• **What to do**:
Exactly the lines from the first line of the records to the line holding "3.175, -3.175, 3.175, -3.175])" should be duplicated, and nothing more; pictures stay out.

[Start of Attachment]

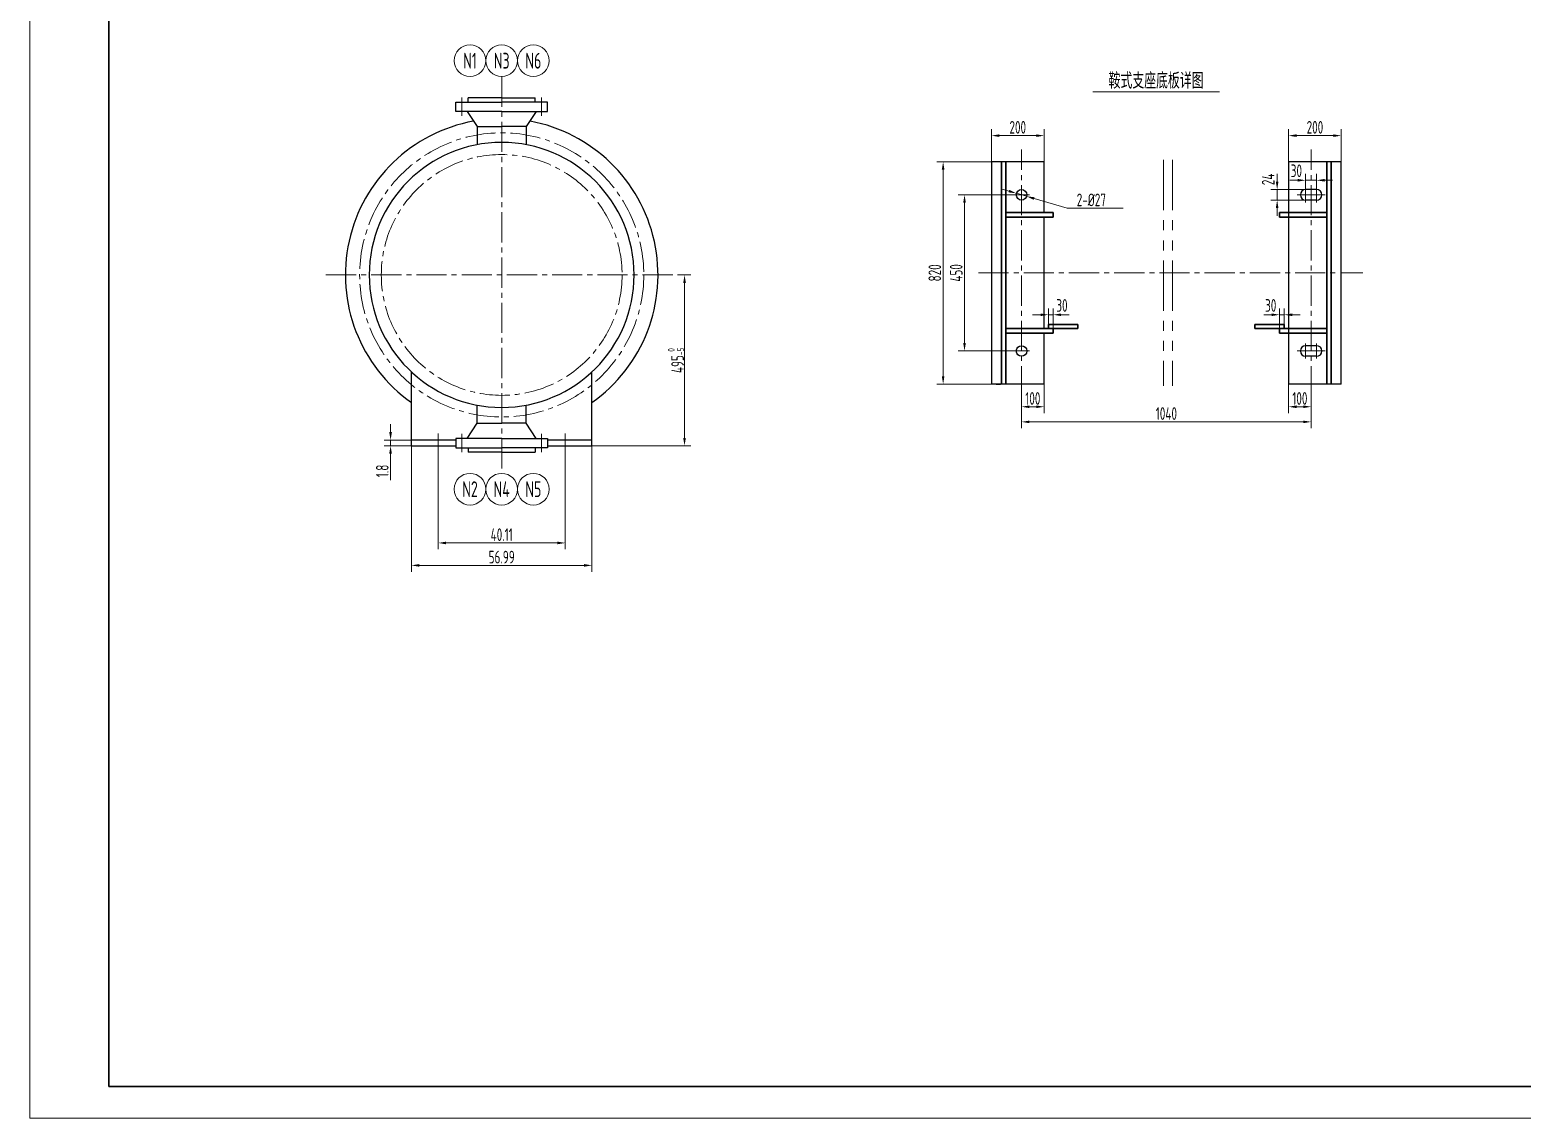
# Model space of a CAD drawing. Header units: millimetres. Extents: x 5765 to 6606, y -201 to 393.
# Drawn here: x 5765 to 6236.4, y -200.6 to 143.2 of the extents above; entities that cross this region are included whole.
import ezdxf
from ezdxf.enums import TextEntityAlignment as Align

# ---------------------------------------------------------------- set-up
doc = ezdxf.new("R2010")
doc.units = ezdxf.units.MM
doc.linetypes.add('CENTER2', pattern=[28.575, 19.05, -3.175, 3.175, -3.175])
doc.linetypes.add('PHANTOM2', pattern=[31.75, 15.875, -3.175, 3.175, -3.175, 3.175, -3.175])
for name, color, linetype, lineweight in [('1粗实线', 7, 'Continuous', 35), ('2细实线', 3, 'Continuous', 13), ('3中心线', 1, 'CENTER2', 13), ('5双点划线', 2, 'PHANTOM2', 13), ('7文本', 2, 'Continuous', 13), ('8标注', 3, 'Continuous', 13), ('9图表', 4, 'Continuous', 13)]:
    doc.layers.add(name, color=color, linetype=linetype, lineweight=lineweight)
doc.styles.add('lanpec', font='bpec_e.shx', dxfattribs={"width": 0.75, "bigfont": 'hztxt.shx'})
doc.styles.add('lanpec-dim', font='bpec_e.shx', dxfattribs={"width": 0.75})
doc.dimstyles.new('lanpec', dxfattribs={"dimtxt": 4, "dimasz": 2.5, "dimexe": 2, "dimexo": 0, "dimtad": 1, "dimdsep": 46, "dimtxsty": 'lanpec-dim', "dimcen": 2.5, "dimclrd": 256, "dimclre": 256, "dimclrt": 256, "dimazin": 0, "dimtfac": 1, "dimtmove": 0, "dimatfit": 3, "dimfxl": 1, "dimlwd": -1, "dimlwe": -1, "dimarcsym": 0})
doc.dimstyles.new('lanpec$0', dxfattribs={"dimscale": 10, "dimtxt": 4, "dimasz": 2.5, "dimexe": 2, "dimexo": 0, "dimtad": 1, "dimdec": 1, "dimdsep": 46, "dimtxsty": 'lanpec-dim', "dimcen": 0.09, "dimclrd": 256, "dimclre": 256, "dimclrt": 256, "dimadec": 1, "dimazin": 0, "dimtfac": 0.707, "dimtdec": 1, "dimtmove": 0, "dimatfit": 3, "dimfxl": 1, "dimarcsym": 0})
doc.dimstyles.new('lanpec$3', dxfattribs={"dimtxt": 4, "dimasz": 2.5, "dimexe": 2, "dimexo": 0, "dimtad": 1, "dimtih": 1, "dimtoh": 1, "dimdsep": 46, "dimtxsty": 'lanpec-dim', "dimcen": 2.5, "dimclrd": 256, "dimclre": 256, "dimclrt": 256, "dimazin": 0, "dimtfac": 1, "dimtmove": 0, "dimatfit": 3, "dimfxl": 1, "dimlwd": -1, "dimlwe": -1, "dimarcsym": 0})

# ---------------------------------------------------------------- blocks, each defined once
blk = doc.blocks.new('A1')
at = {"layer": '1粗实线'}
blk.add_lwpolyline([(-816, 10), (-10, 10), (-10, 584), (-816, 584)], close=True, dxfattribs=at)
at = {"layer": '9图表'}
blk.add_lwpolyline([(-841, 0), (0, 0), (0, 594), (-841, 594)], close=True, dxfattribs=at)
blk = doc.blocks.new('*D73')
at = {"layer": '8标注', "transparency": 16777216}
for p, q in [((5894.02, 9.87), (5894.02, -20.89)), ((5934.13, 9.87), (5934.13, -20.89)), ((5896.52, -18.89), (5931.63, -18.89))]:
    blk.add_line(p, q, dxfattribs=at)
for points in [[(5896.52, -18.47), (5896.52, -19.31), (5894.02, -18.89)], [(5931.63, -18.47), (5931.63, -19.31), (5934.13, -18.89)]]:
    blk.add_solid(points, dxfattribs=at)
at = {"layer": 'Defpoints', "color": 0, "transparency": 16777216}
for p in [(5894.02, 9.87), (5934.13, 9.87), (5934.13, -18.89)]:
    blk.add_point(p, dxfattribs=at)
at = {"layer": '8标注', "transparency": 16777216, "insert": (5914.07, -16.27), "char_height": 4, "attachment_point": 5, "style": 'lanpec-dim'}
blk.add_mtext('40.11', dxfattribs=at)
blk = doc.blocks.new('*D74')
at = {"layer": '8标注', "transparency": 16777216}
for p, q in [((5885.57, 14.1), (5885.57, -27.98)), ((5942.56, 11.92), (5942.56, -27.98)), ((5888.07, -25.98), (5940.06, -25.98))]:
    blk.add_line(p, q, dxfattribs=at)
for points in [[(5888.07, -25.56), (5888.07, -26.4), (5885.57, -25.98)], [(5940.06, -25.56), (5940.06, -26.4), (5942.56, -25.98)]]:
    blk.add_solid(points, dxfattribs=at)
at = {"layer": 'Defpoints', "color": 0, "transparency": 16777216}
for p in [(5885.57, 14.1), (5942.56, 11.92), (5942.56, -25.98)]:
    blk.add_point(p, dxfattribs=at)
at = {"layer": '8标注', "transparency": 16777216, "insert": (5914.07, -23.36), "char_height": 4, "attachment_point": 5, "style": 'lanpec-dim'}
blk.add_mtext('56.99', dxfattribs=at)
blk = doc.blocks.new('*D58')
at = {"layer": '8标注', "transparency": 16777216}
for p, q in [((5969.57, 65.76), (5973.83, 65.76)), ((5971.83, 63.26), (5971.83, 14.3)), ((5942.57, 11.8), (5973.83, 11.8))]:
    blk.add_line(p, q, dxfattribs=at)
for points in [[(5971.41, 63.26), (5972.25, 63.26), (5971.83, 65.76)], [(5971.41, 14.3), (5972.25, 14.3), (5971.83, 11.8)]]:
    blk.add_solid(points, dxfattribs=at)
at = {"layer": 'Defpoints', "color": 0, "transparency": 16777216}
for p in [(5969.57, 65.76), (5942.57, 11.8), (5971.83, 11.8)]:
    blk.add_point(p, dxfattribs=at)
at = {"layer": '8标注', "transparency": 16777216, "insert": (5969.1, 38.78), "char_height": 4, "attachment_point": 5, "rotation": 90, "style": 'lanpec-dim'}
blk.add_mtext('495{\\H0.525x;\\S 0^ -5;}', dxfattribs=at)
blk = doc.blocks.new('*D43')
at = {"layer": '8标注', "transparency": 16777216}
for p, q in [((6068.77, 101.51), (6068.77, 111.75)), ((6071.27, 109.75), (6082.9, 109.75)), ((6085.4, 101.51), (6085.4, 111.75))]:
    blk.add_line(p, q, dxfattribs=at)
for points in [[(6071.27, 110.17), (6071.27, 109.34), (6068.77, 109.75)], [(6082.9, 110.17), (6082.9, 109.34), (6085.4, 109.75)]]:
    blk.add_solid(points, dxfattribs=at)
at = {"layer": 'Defpoints', "color": 0, "transparency": 16777216}
for p in [(6085.4, 109.75), (6068.77, 101.51), (6085.4, 101.51)]:
    blk.add_point(p, dxfattribs=at)
at = {"layer": '8标注', "transparency": 16777216, "insert": (6077.08, 112.38), "char_height": 4, "attachment_point": 5, "style": 'lanpec-dim'}
blk.add_mtext('200', dxfattribs=at)
blk = doc.blocks.new('*D68')
at = {"layer": '8标注', "transparency": 16777216}
for p, q in [((6162.63, 101.51), (6162.63, 111.75)), ((6165.13, 109.75), (6176.76, 109.75)), ((6179.26, 101.51), (6179.26, 111.75))]:
    blk.add_line(p, q, dxfattribs=at)
for points in [[(6165.13, 110.17), (6165.13, 109.34), (6162.63, 109.75)], [(6176.76, 110.17), (6176.76, 109.34), (6179.26, 109.75)]]:
    blk.add_solid(points, dxfattribs=at)
at = {"layer": 'Defpoints', "color": 0, "transparency": 16777216}
for p in [(6179.26, 109.75), (6162.63, 101.51), (6179.26, 101.51)]:
    blk.add_point(p, dxfattribs=at)
at = {"layer": '8标注', "transparency": 16777216, "insert": (6170.95, 112.38), "char_height": 4, "attachment_point": 5, "style": 'lanpec-dim'}
blk.add_mtext('200', dxfattribs=at)
blk = doc.blocks.new('*D44')
at = {"layer": '8标注', "transparency": 16777216}
for p, q in [((6078.28, 27.47), (6078.28, 17.35)), ((6169.75, 27.47), (6169.75, 17.35)), ((6080.78, 19.35), (6167.25, 19.35))]:
    blk.add_line(p, q, dxfattribs=at)
for points in [[(6080.78, 19.76), (6080.78, 18.93), (6078.28, 19.35)], [(6167.25, 19.76), (6167.25, 18.93), (6169.75, 19.35)]]:
    blk.add_solid(points, dxfattribs=at)
at = {"layer": 'Defpoints', "color": 0, "transparency": 16777216}
for p in [(6078.28, 27.47), (6169.75, 27.47), (6169.75, 19.35)]:
    blk.add_point(p, dxfattribs=at)
at = {"layer": '8标注', "transparency": 16777216, "insert": (6124.02, 21.97), "char_height": 4, "attachment_point": 5, "style": 'lanpec-dim'}
blk.add_mtext('1040', dxfattribs=at)
blk = doc.blocks.new('*D45')
at = {"layer": '8标注', "transparency": 16777216}
for p, q in [((6159.02, 95.22), (6159.02, 97.72)), ((6168.01, 92.72), (6157.02, 92.72)), ((6159.02, 92.72), (6159.02, 89.39)), ((6168.01, 89.39), (6157.02, 89.39)), ((6159.02, 86.89), (6159.02, 84.39))]:
    blk.add_line(p, q, dxfattribs=at)
for points in [[(6158.6, 95.22), (6159.43, 95.22), (6159.02, 92.72)], [(6158.6, 86.89), (6159.43, 86.89), (6159.02, 89.39)]]:
    blk.add_solid(points, dxfattribs=at)
at = {"layer": 'Defpoints', "color": 0, "transparency": 16777216}
for p in [(6168.01, 92.72), (6159.02, 89.39), (6168.01, 89.39)]:
    blk.add_point(p, dxfattribs=at)
at = {"layer": '8标注', "transparency": 16777216, "insert": (6156.19, 95.94), "char_height": 4, "attachment_point": 5, "rotation": 90, "style": 'lanpec-dim'}
blk.add_mtext('24', dxfattribs=at)
blk = doc.blocks.new('*D46')
at = {"layer": '8标注', "transparency": 16777216}
for p, q in [((6165.51, 95.66), (6163.01, 95.66)), ((6168.01, 92.72), (6168.01, 97.66)), ((6171.48, 95.66), (6168.01, 95.66)), ((6171.48, 92.72), (6171.48, 97.66)), ((6173.98, 95.66), (6176.48, 95.66))]:
    blk.add_line(p, q, dxfattribs=at)
for points in [[(6165.51, 96.07), (6165.51, 95.24), (6168.01, 95.66)], [(6173.98, 96.07), (6173.98, 95.24), (6171.48, 95.66)]]:
    blk.add_solid(points, dxfattribs=at)
at = {"layer": 'Defpoints', "color": 0, "transparency": 16777216}
for p in [(6168.01, 95.66), (6168.01, 92.72), (6171.48, 92.72)]:
    blk.add_point(p, dxfattribs=at)
at = {"layer": '8标注', "transparency": 16777216, "insert": (6165.09, 98.66), "char_height": 4, "attachment_point": 5, "style": 'lanpec-dim'}
blk.add_mtext('30', dxfattribs=at)
blk = doc.blocks.new('*D47')
at = {"layer": '8标注', "transparency": 16777216}
for p, q in [((6075.79, 91.06), (6058.27, 91.06)), ((6060.27, 88.56), (6060.27, 44.24)), ((6075.79, 41.74), (6058.27, 41.74))]:
    blk.add_line(p, q, dxfattribs=at)
for points in [[(6059.85, 88.56), (6060.68, 88.56), (6060.27, 91.06)], [(6059.85, 44.24), (6060.68, 44.24), (6060.27, 41.74)]]:
    blk.add_solid(points, dxfattribs=at)
at = {"layer": 'Defpoints', "color": 0, "transparency": 16777216}
for p in [(6075.79, 91.06), (6060.27, 41.74), (6075.79, 41.74)]:
    blk.add_point(p, dxfattribs=at)
at = {"layer": '8标注', "transparency": 16777216, "insert": (6057.64, 66.4), "char_height": 4, "attachment_point": 5, "rotation": 90, "style": 'lanpec-dim'}
blk.add_mtext('450', dxfattribs=at)
blk = doc.blocks.new('*D48')
at = {"layer": '8标注', "transparency": 16777216}
for p, q in [((6068.77, 101.51), (6051.51, 101.51)), ((6053.51, 33.78), (6053.51, 99.01)), ((6068.77, 31.28), (6051.51, 31.28))]:
    blk.add_line(p, q, dxfattribs=at)
for points in [[(6053.09, 99.01), (6053.92, 99.01), (6053.51, 101.51)], [(6053.09, 33.78), (6053.92, 33.78), (6053.51, 31.28)]]:
    blk.add_solid(points, dxfattribs=at)
at = {"layer": 'Defpoints', "color": 0, "transparency": 16777216}
for p in [(6053.51, 101.51), (6068.77, 101.51), (6068.77, 31.28)]:
    blk.add_point(p, dxfattribs=at)
at = {"layer": '8标注', "transparency": 16777216, "insert": (6050.88, 66.4), "char_height": 4, "attachment_point": 5, "rotation": 90, "style": 'lanpec-dim'}
blk.add_mtext('820', dxfattribs=at)
blk = doc.blocks.new('*D49')
at = {"layer": '8标注', "transparency": 16777216}
for p, q in [((6078.28, 31.28), (6078.28, 22.12)), ((6085.4, 31.28), (6085.4, 22.12)), ((6080.78, 24.12), (6082.9, 24.12))]:
    blk.add_line(p, q, dxfattribs=at)
for points in [[(6080.78, 24.54), (6080.78, 23.7), (6078.28, 24.12)], [(6082.9, 24.54), (6082.9, 23.7), (6085.4, 24.12)]]:
    blk.add_solid(points, dxfattribs=at)
at = {"layer": 'Defpoints', "color": 0, "transparency": 16777216}
for p in [(6078.28, 31.28), (6085.4, 31.28), (6085.4, 24.12)]:
    blk.add_point(p, dxfattribs=at)
at = {"layer": '8标注', "transparency": 16777216, "insert": (6081.84, 26.75), "char_height": 4, "attachment_point": 5, "style": 'lanpec-dim'}
blk.add_mtext('100', dxfattribs=at)
blk = doc.blocks.new('*D50')
at = {"layer": '8标注', "transparency": 16777216}
for p, q in [((6162.63, 31.28), (6162.63, 22.12)), ((6169.75, 31.28), (6169.75, 22.12)), ((6167.25, 24.12), (6165.13, 24.12))]:
    blk.add_line(p, q, dxfattribs=at)
for points in [[(6165.13, 24.54), (6165.13, 23.7), (6162.63, 24.12)], [(6167.25, 24.54), (6167.25, 23.7), (6169.75, 24.12)]]:
    blk.add_solid(points, dxfattribs=at)
at = {"layer": 'Defpoints', "color": 0, "transparency": 16777216}
for p in [(6162.63, 31.28), (6169.75, 31.28), (6162.63, 24.12)]:
    blk.add_point(p, dxfattribs=at)
at = {"layer": '8标注', "transparency": 16777216, "insert": (6166.19, 26.75), "char_height": 4, "attachment_point": 5, "style": 'lanpec-dim'}
blk.add_mtext('100', dxfattribs=at)
blk = doc.blocks.new('*D69')
at = {"layer": '8标注', "transparency": 16777216}
for p, q in [((6074.29, 92.23), (6071.89, 92.94)), ((6076.69, 91.53), (6079.88, 90.59)), ((6092.64, 86.83), (6082.28, 89.88)), ((6105.83, 86.83), (6092.64, 86.83))]:
    blk.add_line(p, q, dxfattribs=at)
for points in [[(6074.41, 92.63), (6074.17, 91.83), (6076.69, 91.53)], [(6082.4, 90.28), (6082.16, 89.48), (6079.88, 90.59)]]:
    blk.add_solid(points, dxfattribs=at)
at = {"layer": 'Defpoints', "color": 0, "transparency": 16777216}
for p in [(6076.69, 91.53), (6079.88, 90.59)]:
    blk.add_point(p, dxfattribs=at)
at = {"layer": '8标注', "transparency": 16777216, "insert": (6100.33, 89.46), "char_height": 4, "attachment_point": 5, "style": 'lanpec-dim'}
blk.add_mtext('2-%%C27', dxfattribs=at)
blk = doc.blocks.new('*D70')
at = {"layer": '8标注', "transparency": 16777216}
for p, q in [((6084.27, 53.18), (6081.77, 53.18)), ((6086.77, 50.08), (6086.77, 55.18)), ((6086.77, 53.18), (6088.27, 53.18)), ((6088.27, 48.81), (6088.27, 55.18)), ((6090.77, 53.18), (6093.27, 53.18))]:
    blk.add_line(p, q, dxfattribs=at)
for points in [[(6084.27, 53.59), (6084.27, 52.76), (6086.77, 53.18)], [(6090.77, 53.59), (6090.77, 52.76), (6088.27, 53.18)]]:
    blk.add_solid(points, dxfattribs=at)
at = {"layer": 'Defpoints', "color": 0, "transparency": 16777216}
for p in [(6088.27, 53.18), (6086.77, 50.08), (6088.27, 48.81)]:
    blk.add_point(p, dxfattribs=at)
at = {"layer": '8标注', "transparency": 16777216, "insert": (6091.05, 56.13), "char_height": 4, "attachment_point": 5, "style": 'lanpec-dim'}
blk.add_mtext('30', dxfattribs=at)
blk = doc.blocks.new('*D51')
at = {"layer": '8标注', "transparency": 16777216}
for p, q in [((6157.26, 53.18), (6154.76, 53.18)), ((6159.76, 48.81), (6159.76, 55.18)), ((6161.26, 53.18), (6159.76, 53.18)), ((6161.26, 50.08), (6161.26, 55.18)), ((6163.76, 53.18), (6166.26, 53.18))]:
    blk.add_line(p, q, dxfattribs=at)
for points in [[(6157.26, 53.59), (6157.26, 52.76), (6159.76, 53.18)], [(6163.76, 53.59), (6163.76, 52.76), (6161.26, 53.18)]]:
    blk.add_solid(points, dxfattribs=at)
at = {"layer": 'Defpoints', "color": 0, "transparency": 16777216}
for p in [(6159.76, 53.18), (6159.76, 48.81), (6161.26, 50.08)]:
    blk.add_point(p, dxfattribs=at)
at = {"layer": '8标注', "transparency": 16777216, "insert": (6156.98, 56.13), "char_height": 4, "attachment_point": 5, "style": 'lanpec-dim'}
blk.add_mtext('30', dxfattribs=at)
blk = doc.blocks.new('*U42')
at = {"layer": '2细实线'}
blk.add_line((-20, 0), (20, 0), dxfattribs=at)
at = {"layer": '7文本', "style": 'lanpec', "width": 0.75}
for tag, height, p in [('节点图名称', 5, (0, 3.5)), ('比例', 4, (0, -3.25))]:
    blk.add_attdef(tag, text='', height=height, dxfattribs=at).set_placement(p, align=Align.MIDDLE_CENTER)
blk = doc.blocks.new('*D77')
at = {"layer": '8标注', "transparency": 16777216}
for p, q in [((5878.97, 16.1), (5878.97, 18.6)), ((5885.57, 13.6), (5876.97, 13.6)), ((5885.57, 11.8), (5876.97, 11.8)), ((5878.97, 13.6), (5878.97, 11.8)), ((5878.97, 9.3), (5878.97, 0.89))]:
    blk.add_line(p, q, dxfattribs=at)
for points in [[(5878.55, 16.1), (5879.39, 16.1), (5878.97, 13.6)], [(5878.55, 9.3), (5879.39, 9.3), (5878.97, 11.8)]]:
    blk.add_solid(points, dxfattribs=at)
at = {"layer": 'Defpoints', "color": 0, "transparency": 16777216}
for p in [(5878.97, 11.8), (5885.57, 13.6), (5885.57, 11.8)]:
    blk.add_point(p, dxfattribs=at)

[End of Attachment]

• **Solution to the exercise**:
# Model space of a CAD drawing. Header units: millimetres. Extents: x 5765 to 6606, y -201 to 393.
# Drawn here: x 5765 to 6236.4, y -200.6 to 143.2 of the extents above; entities that cross this region are included whole.
import ezdxf
from ezdxf.enums import TextEntityAlignment as Align

# ---------------------------------------------------------------- set-up
doc = ezdxf.new("R2010")
doc.units = ezdxf.units.MM
doc.linetypes.add('CENTER2', pattern=[28.575, 19.05, -3.175, 3.175, -3.175])
doc.linetypes.add('PHANTOM2', pattern=[31.75, 15.875, -3.175, 3.175, -3.175, 3.175, -3.175])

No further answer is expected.